We find the trial court justified in finding that the defence failed to raise a reasonable doubt on the
prosecution case. The affirmation of such finding and sustainment of the ensuing conviction were
therefore absolutely correct and must be upheld.
For the reasons stated we find no merit in the appellant's appeal against conviction which must be
and is hereby dismissed.
As regard the sentence imposed by the Sessions Court which was confirmed by the High Court on
appeal, we are minded not to interfere in view of the facts and other relevant matters considered by
both the lower courts. It has however been brought to our attention now that the charge has been
hanging over the appellant's head for the last 16 years. He was apparently first charged in court on 4
October 1988 (see the charge sheet).

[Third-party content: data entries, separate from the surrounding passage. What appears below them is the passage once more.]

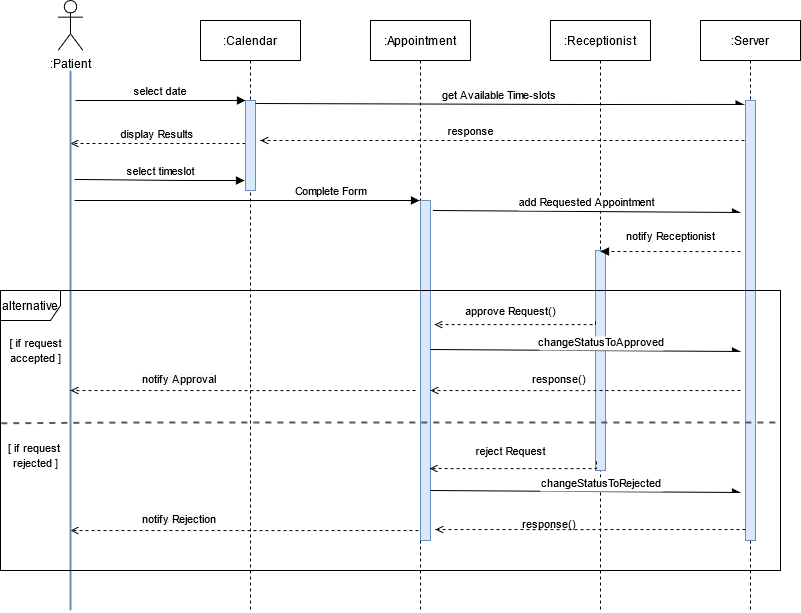

The diagram above was exported from draw.io. Its source (the exported page's mxGraphModel, read from the mxfile embedded in the PNG):
<mxGraphModel dx="1374" dy="533" grid="1" gridSize="10" guides="1" tooltips="1" connect="1" arrows="1" fold="1" page="1" pageScale="1" pageWidth="1100" pageHeight="850" math="0" shadow="0">
  <root>
    <mxCell id="0" />
    <mxCell id="1" parent="0" />
    <mxCell id="eUOJQlRfs4PnEzddhbJl-9" value="" style="verticalAlign=bottom;endArrow=open;endSize=6;shadow=0;strokeWidth=1;endFill=0;dashed=1;" parent="1" edge="1">
      <mxGeometry relative="1" as="geometry">
        <mxPoint x="170" y="590" as="targetPoint" />
        <mxPoint x="530" y="590" as="sourcePoint" />
        <Array as="points">
          <mxPoint x="391" y="590.0799999999999" />
        </Array>
      </mxGeometry>
    </mxCell>
    <mxCell id="3nuBFxr9cyL0pnOWT2aG-5" value=":Calendar" style="shape=umlLifeline;perimeter=lifelinePerimeter;container=0;collapsible=0;recursiveResize=0;rounded=0;shadow=0;strokeWidth=1;" parent="1" vertex="1">
      <mxGeometry x="300" y="80" width="100" height="590" as="geometry" />
    </mxCell>
    <mxCell id="3nuBFxr9cyL0pnOWT2aG-8" value="select date" style="verticalAlign=bottom;endArrow=block;entryX=0;entryY=0;shadow=0;strokeWidth=1;" parent="1" target="3nuBFxr9cyL0pnOWT2aG-6" edge="1">
      <mxGeometry relative="1" as="geometry">
        <mxPoint x="175" y="160.0000000000001" as="sourcePoint" />
      </mxGeometry>
    </mxCell>
    <mxCell id="3nuBFxr9cyL0pnOWT2aG-9" value="display Results" style="verticalAlign=bottom;endArrow=open;shadow=0;strokeWidth=1;dashed=1;endFill=0;" parent="1" edge="1">
      <mxGeometry relative="1" as="geometry">
        <mxPoint x="345" y="203" as="sourcePoint" />
        <mxPoint x="170" y="203" as="targetPoint" />
      </mxGeometry>
    </mxCell>
    <mxCell id="3nuBFxr9cyL0pnOWT2aG-10" value="" style="verticalAlign=bottom;endArrow=block;endSize=6;shadow=0;strokeWidth=1;exitX=0.9;exitY=0.468;exitDx=0;exitDy=0;exitPerimeter=0;endFill=1;" parent="1" edge="1">
      <mxGeometry relative="1" as="geometry">
        <mxPoint x="344" y="240" as="targetPoint" />
        <mxPoint x="174" y="238.91999999999996" as="sourcePoint" />
        <Array as="points">
          <mxPoint x="280" y="240" />
        </Array>
      </mxGeometry>
    </mxCell>
    <mxCell id="S0BqyOhsEYvfZL-QMJW4-6" value="" style="edgeStyle=orthogonalEdgeStyle;rounded=0;orthogonalLoop=1;jettySize=auto;html=1;endArrow=none;endFill=0;fillColor=#dae8fc;strokeColor=#6c8ebf;strokeWidth=2;" parent="1" edge="1">
      <mxGeometry relative="1" as="geometry">
        <mxPoint x="170" y="130" as="sourcePoint" />
        <mxPoint x="170" y="670" as="targetPoint" />
      </mxGeometry>
    </mxCell>
    <mxCell id="S0BqyOhsEYvfZL-QMJW4-1" value=":Patient" style="shape=umlActor;verticalLabelPosition=bottom;verticalAlign=top;html=1;" parent="1" vertex="1">
      <mxGeometry x="157.5" y="60" width="25" height="50" as="geometry" />
    </mxCell>
    <mxCell id="3nuBFxr9cyL0pnOWT2aG-6" value="" style="points=[];perimeter=orthogonalPerimeter;rounded=0;shadow=0;strokeWidth=1;fillColor=#dae8fc;strokeColor=#6c8ebf;" parent="1" vertex="1">
      <mxGeometry x="345" y="160" width="10" height="90" as="geometry" />
    </mxCell>
    <mxCell id="S0BqyOhsEYvfZL-QMJW4-7" value=":Appointment" style="shape=umlLifeline;perimeter=lifelinePerimeter;container=0;collapsible=0;recursiveResize=0;rounded=0;shadow=0;strokeWidth=1;" parent="1" vertex="1">
      <mxGeometry x="470" y="80" width="100" height="590" as="geometry" />
    </mxCell>
    <mxCell id="S0BqyOhsEYvfZL-QMJW4-9" value=":Receptionist" style="shape=umlLifeline;perimeter=lifelinePerimeter;container=0;collapsible=0;recursiveResize=0;rounded=0;shadow=0;strokeWidth=1;" parent="1" vertex="1">
      <mxGeometry x="650" y="80" width="100" height="590" as="geometry" />
    </mxCell>
    <mxCell id="S0BqyOhsEYvfZL-QMJW4-14" style="edgeStyle=orthogonalEdgeStyle;rounded=0;orthogonalLoop=1;jettySize=auto;html=1;dashed=1;endArrow=open;endFill=0;" parent="1" edge="1">
      <mxGeometry relative="1" as="geometry">
        <mxPoint x="850" y="340" as="sourcePoint" />
        <mxPoint x="360" y="200" as="targetPoint" />
        <Array as="points">
          <mxPoint x="850" y="480" />
          <mxPoint x="850" y="200" />
        </Array>
      </mxGeometry>
    </mxCell>
    <mxCell id="S0BqyOhsEYvfZL-QMJW4-10" value="" style="points=[];perimeter=orthogonalPerimeter;rounded=0;shadow=0;strokeWidth=1;fillColor=#dae8fc;strokeColor=#6c8ebf;" parent="1" vertex="1">
      <mxGeometry x="695" y="310" width="10" height="220" as="geometry" />
    </mxCell>
    <mxCell id="S0BqyOhsEYvfZL-QMJW4-11" value="get Available Time-slots" style="verticalAlign=bottom;endArrow=async;shadow=0;strokeWidth=1;endFill=1;entryX=-0.14;entryY=0.009;entryDx=0;entryDy=0;entryPerimeter=0;" parent="1" target="S0BqyOhsEYvfZL-QMJW4-21" edge="1">
      <mxGeometry relative="1" as="geometry">
        <mxPoint x="355" y="163.0000000000001" as="sourcePoint" />
        <mxPoint x="850" y="163.83000000000004" as="targetPoint" />
        <Array as="points">
          <mxPoint x="680" y="164" />
        </Array>
      </mxGeometry>
    </mxCell>
    <mxCell id="S0BqyOhsEYvfZL-QMJW4-16" value="&lt;span style=&quot;font-size: 11px&quot;&gt;response&lt;/span&gt;" style="text;html=1;align=center;verticalAlign=middle;resizable=0;points=[];autosize=1;strokeColor=none;" parent="1" vertex="1">
      <mxGeometry x="540" y="180" width="60" height="20" as="geometry" />
    </mxCell>
    <mxCell id="S0BqyOhsEYvfZL-QMJW4-20" value=":Server" style="shape=umlLifeline;perimeter=lifelinePerimeter;container=0;collapsible=0;recursiveResize=0;rounded=0;shadow=0;strokeWidth=1;" parent="1" vertex="1">
      <mxGeometry x="800" y="80" width="100" height="590" as="geometry" />
    </mxCell>
    <mxCell id="S0BqyOhsEYvfZL-QMJW4-21" value="" style="points=[];perimeter=orthogonalPerimeter;rounded=0;shadow=0;strokeWidth=1;fillColor=#dae8fc;strokeColor=#6c8ebf;" parent="1" vertex="1">
      <mxGeometry x="845" y="160" width="10" height="440" as="geometry" />
    </mxCell>
    <mxCell id="S0BqyOhsEYvfZL-QMJW4-22" value="&lt;font style=&quot;font-size: 11px&quot;&gt;select timeslot&lt;/font&gt;" style="text;html=1;align=center;verticalAlign=middle;resizable=0;points=[];autosize=1;strokeColor=none;" parent="1" vertex="1">
      <mxGeometry x="215" y="220" width="90" height="20" as="geometry" />
    </mxCell>
    <mxCell id="S0BqyOhsEYvfZL-QMJW4-23" value="" style="verticalAlign=bottom;endArrow=block;endSize=6;shadow=0;strokeWidth=1;endFill=1;" parent="1" edge="1">
      <mxGeometry relative="1" as="geometry">
        <mxPoint x="519" y="260" as="targetPoint" />
        <mxPoint x="174" y="260" as="sourcePoint" />
        <Array as="points">
          <mxPoint x="455" y="260" />
        </Array>
      </mxGeometry>
    </mxCell>
    <mxCell id="S0BqyOhsEYvfZL-QMJW4-24" value="&lt;font style=&quot;font-size: 11px&quot;&gt;Complete Form&lt;/font&gt;" style="text;html=1;align=center;verticalAlign=middle;resizable=0;points=[];autosize=1;strokeColor=none;" parent="1" vertex="1">
      <mxGeometry x="385" y="240" width="90" height="20" as="geometry" />
    </mxCell>
    <mxCell id="S0BqyOhsEYvfZL-QMJW4-25" value="" style="points=[];perimeter=orthogonalPerimeter;rounded=0;shadow=0;strokeWidth=1;fillColor=#dae8fc;strokeColor=#6c8ebf;" parent="1" vertex="1">
      <mxGeometry x="520" y="260" width="10" height="340" as="geometry" />
    </mxCell>
    <mxCell id="S0BqyOhsEYvfZL-QMJW4-26" value="add Requested Appointment" style="verticalAlign=bottom;endArrow=async;shadow=0;strokeWidth=1;endFill=1;rounded=0;" parent="1" edge="1">
      <mxGeometry relative="1" as="geometry">
        <mxPoint x="532.5" y="270.0000000000001" as="sourcePoint" />
        <mxPoint x="840" y="272" as="targetPoint" />
      </mxGeometry>
    </mxCell>
    <mxCell id="S0BqyOhsEYvfZL-QMJW4-29" value="" style="verticalAlign=bottom;endArrow=block;endSize=6;shadow=0;strokeWidth=1;endFill=1;dashed=1;" parent="1" edge="1">
      <mxGeometry relative="1" as="geometry">
        <mxPoint x="700" y="311" as="targetPoint" />
        <mxPoint x="840" y="311" as="sourcePoint" />
        <Array as="points">
          <mxPoint x="811" y="311.08" />
        </Array>
      </mxGeometry>
    </mxCell>
    <mxCell id="S0BqyOhsEYvfZL-QMJW4-30" value="&lt;font style=&quot;font-size: 11px&quot;&gt;notify Receptionist&lt;/font&gt;" style="text;html=1;align=center;verticalAlign=middle;resizable=0;points=[];autosize=1;strokeColor=none;" parent="1" vertex="1">
      <mxGeometry x="715" y="285" width="110" height="20" as="geometry" />
    </mxCell>
    <mxCell id="S0BqyOhsEYvfZL-QMJW4-33" value="" style="endArrow=none;dashed=1;html=1;endSize=6;exitX=0.001;exitY=0.474;exitDx=0;exitDy=0;exitPerimeter=0;strokeWidth=2;strokeColor=#595959;" parent="1" source="S0BqyOhsEYvfZL-QMJW4-31" edge="1">
      <mxGeometry width="50" height="50" relative="1" as="geometry">
        <mxPoint x="550" y="420" as="sourcePoint" />
        <mxPoint x="880" y="482" as="targetPoint" />
        <Array as="points">
          <mxPoint x="230" y="482" />
        </Array>
      </mxGeometry>
    </mxCell>
    <mxCell id="S0BqyOhsEYvfZL-QMJW4-34" value="&lt;span style=&quot;font-size: 11px&quot;&gt;[ if request&lt;br&gt;accepted ]&lt;br&gt;&lt;/span&gt;" style="text;html=1;align=center;verticalAlign=middle;resizable=0;points=[];autosize=1;strokeColor=none;" parent="1" vertex="1">
      <mxGeometry x="100" y="395" width="70" height="30" as="geometry" />
    </mxCell>
    <mxCell id="S0BqyOhsEYvfZL-QMJW4-35" value="&lt;span style=&quot;font-size: 11px&quot;&gt;[ if request&amp;nbsp;&lt;br&gt;rejected ]&lt;br&gt;&lt;/span&gt;" style="text;html=1;align=center;verticalAlign=middle;resizable=0;points=[];autosize=1;strokeColor=none;" parent="1" vertex="1">
      <mxGeometry x="100" y="500" width="70" height="30" as="geometry" />
    </mxCell>
    <mxCell id="S0BqyOhsEYvfZL-QMJW4-37" style="edgeStyle=orthogonalEdgeStyle;rounded=0;orthogonalLoop=1;jettySize=auto;html=1;dashed=1;endArrow=open;endFill=0;entryX=1.4;entryY=0.365;entryDx=0;entryDy=0;entryPerimeter=0;" parent="1" target="S0BqyOhsEYvfZL-QMJW4-25" edge="1">
      <mxGeometry relative="1" as="geometry">
        <mxPoint x="695" y="381" as="sourcePoint" />
        <mxPoint x="560" y="380" as="targetPoint" />
        <Array as="points">
          <mxPoint x="695" y="384" />
        </Array>
      </mxGeometry>
    </mxCell>
    <mxCell id="S0BqyOhsEYvfZL-QMJW4-38" value="&lt;font style=&quot;font-size: 11px&quot;&gt;approve Request()&lt;/font&gt;" style="text;html=1;align=center;verticalAlign=middle;resizable=0;points=[];autosize=1;strokeColor=none;" parent="1" vertex="1">
      <mxGeometry x="555" y="360" width="110" height="20" as="geometry" />
    </mxCell>
    <mxCell id="S0BqyOhsEYvfZL-QMJW4-42" style="edgeStyle=orthogonalEdgeStyle;rounded=0;orthogonalLoop=1;jettySize=auto;html=1;dashed=1;endArrow=open;endFill=0;entryX=0.92;entryY=0.809;entryDx=0;entryDy=0;entryPerimeter=0;" parent="1" edge="1">
      <mxGeometry relative="1" as="geometry">
        <mxPoint x="696" y="521" as="sourcePoint" />
        <mxPoint x="529.2" y="528.06" as="targetPoint" />
        <Array as="points">
          <mxPoint x="696" y="528" />
        </Array>
      </mxGeometry>
    </mxCell>
    <mxCell id="S0BqyOhsEYvfZL-QMJW4-43" value="&lt;font style=&quot;font-size: 11px&quot;&gt;reject Request&lt;/font&gt;" style="text;html=1;align=center;verticalAlign=middle;resizable=0;points=[];autosize=1;strokeColor=none;" parent="1" vertex="1">
      <mxGeometry x="565" y="500" width="90" height="20" as="geometry" />
    </mxCell>
    <mxCell id="eUOJQlRfs4PnEzddhbJl-1" value="changeStatusToApproved" style="verticalAlign=bottom;endArrow=async;shadow=0;strokeWidth=1;endFill=1;rounded=0;" parent="1" edge="1">
      <mxGeometry x="0.1057" y="-1" relative="1" as="geometry">
        <mxPoint x="530" y="409.0000000000001" as="sourcePoint" />
        <mxPoint x="840" y="411" as="targetPoint" />
        <mxPoint as="offset" />
      </mxGeometry>
    </mxCell>
    <mxCell id="eUOJQlRfs4PnEzddhbJl-2" value="" style="verticalAlign=bottom;endArrow=open;endSize=6;shadow=0;strokeWidth=1;endFill=0;dashed=1;" parent="1" edge="1">
      <mxGeometry relative="1" as="geometry">
        <mxPoint x="530" y="450" as="targetPoint" />
        <mxPoint x="840" y="450" as="sourcePoint" />
        <Array as="points">
          <mxPoint x="641" y="450.08" />
        </Array>
      </mxGeometry>
    </mxCell>
    <mxCell id="eUOJQlRfs4PnEzddhbJl-3" value="&lt;div style=&quot;text-align: center&quot;&gt;&lt;span style=&quot;font-size: 11px&quot;&gt;&lt;font face=&quot;helvetica&quot;&gt;response()&lt;/font&gt;&lt;/span&gt;&lt;/div&gt;" style="text;whiteSpace=wrap;html=1;" parent="1" vertex="1">
      <mxGeometry x="630" y="425" width="110" height="30" as="geometry" />
    </mxCell>
    <mxCell id="eUOJQlRfs4PnEzddhbJl-4" value="changeStatusToRejected" style="verticalAlign=bottom;endArrow=async;shadow=0;strokeWidth=1;endFill=1;rounded=0;" parent="1" edge="1">
      <mxGeometry x="0.1057" y="-1" relative="1" as="geometry">
        <mxPoint x="530" y="550.0000000000001" as="sourcePoint" />
        <mxPoint x="840" y="552" as="targetPoint" />
        <mxPoint as="offset" />
      </mxGeometry>
    </mxCell>
    <mxCell id="eUOJQlRfs4PnEzddhbJl-5" value="" style="verticalAlign=bottom;endArrow=open;endSize=6;shadow=0;strokeWidth=1;endFill=0;dashed=1;" parent="1" edge="1">
      <mxGeometry relative="1" as="geometry">
        <mxPoint x="535" y="589" as="targetPoint" />
        <mxPoint x="845" y="589" as="sourcePoint" />
        <Array as="points">
          <mxPoint x="646" y="589.0799999999999" />
        </Array>
      </mxGeometry>
    </mxCell>
    <mxCell id="eUOJQlRfs4PnEzddhbJl-6" value="&lt;div style=&quot;text-align: center&quot;&gt;&lt;span style=&quot;font-size: 11px&quot;&gt;&lt;font face=&quot;helvetica&quot;&gt;response()&lt;/font&gt;&lt;/span&gt;&lt;/div&gt;" style="text;whiteSpace=wrap;html=1;" parent="1" vertex="1">
      <mxGeometry x="620" y="570" width="110" height="20" as="geometry" />
    </mxCell>
    <mxCell id="eUOJQlRfs4PnEzddhbJl-7" value="" style="verticalAlign=bottom;endArrow=open;endSize=6;shadow=0;strokeWidth=1;endFill=0;dashed=1;" parent="1" edge="1">
      <mxGeometry relative="1" as="geometry">
        <mxPoint x="170" y="450" as="targetPoint" />
        <mxPoint x="515" y="450" as="sourcePoint" />
        <Array as="points">
          <mxPoint x="376" y="450.08" />
        </Array>
      </mxGeometry>
    </mxCell>
    <mxCell id="7Dm42pS26Vr59jRWZCYb-1" value="&lt;span style=&quot;color: rgb(0 , 0 , 0) ; font-family: &amp;#34;helvetica&amp;#34; ; font-size: 11px ; font-style: normal ; font-weight: 400 ; letter-spacing: normal ; text-align: center ; text-indent: 0px ; text-transform: none ; word-spacing: 0px ; background-color: rgb(248 , 249 , 250) ; display: inline ; float: none&quot;&gt;notify Rejection&lt;/span&gt;" style="text;whiteSpace=wrap;html=1;" parent="1" vertex="1">
      <mxGeometry x="240" y="565" width="100" height="30" as="geometry" />
    </mxCell>
    <mxCell id="7Dm42pS26Vr59jRWZCYb-2" value="&lt;span style=&quot;color: rgb(0 , 0 , 0) ; font-family: &amp;#34;helvetica&amp;#34; ; font-size: 11px ; font-style: normal ; font-weight: 400 ; letter-spacing: normal ; text-align: center ; text-indent: 0px ; text-transform: none ; word-spacing: 0px ; background-color: rgb(248 , 249 , 250) ; display: inline ; float: none&quot;&gt;notify Approval&lt;/span&gt;" style="text;whiteSpace=wrap;html=1;" parent="1" vertex="1">
      <mxGeometry x="240" y="425" width="100" height="30" as="geometry" />
    </mxCell>
    <mxCell id="S0BqyOhsEYvfZL-QMJW4-31" value="alternative" style="shape=umlFrame;whiteSpace=wrap;html=1;" parent="1" vertex="1">
      <mxGeometry x="100" y="350" width="780" height="280" as="geometry" />
    </mxCell>
  </root>
</mxGraphModel>

Although he was convicted and sentenced on 30 May 1990,
his appeal in the High Court took another four years and the process of appeal in this court took a
further 10 years, the delay being attributed to some deficiencies in the court below. The appellant
now 61 years old is a widower for the last four years and has a 16 year old school going daughter to
support. He has been deprived of his law practice due to the conviction. He had also spent two
weeks in prison pending appeal to this court before bail was allowed. Having considered all these
circumstances in particular the mental anguish and loss of fruitful years caused by the long delay
through no fault of the appellant as against the seriousness of the offence and the paramount public
interest that has to be protected, we feel that justice would be better served if the custodial sentence
be shortened. We accordingly reduce the said sentence of imprisonment from three years to two
years. The fine imposed is confirmed.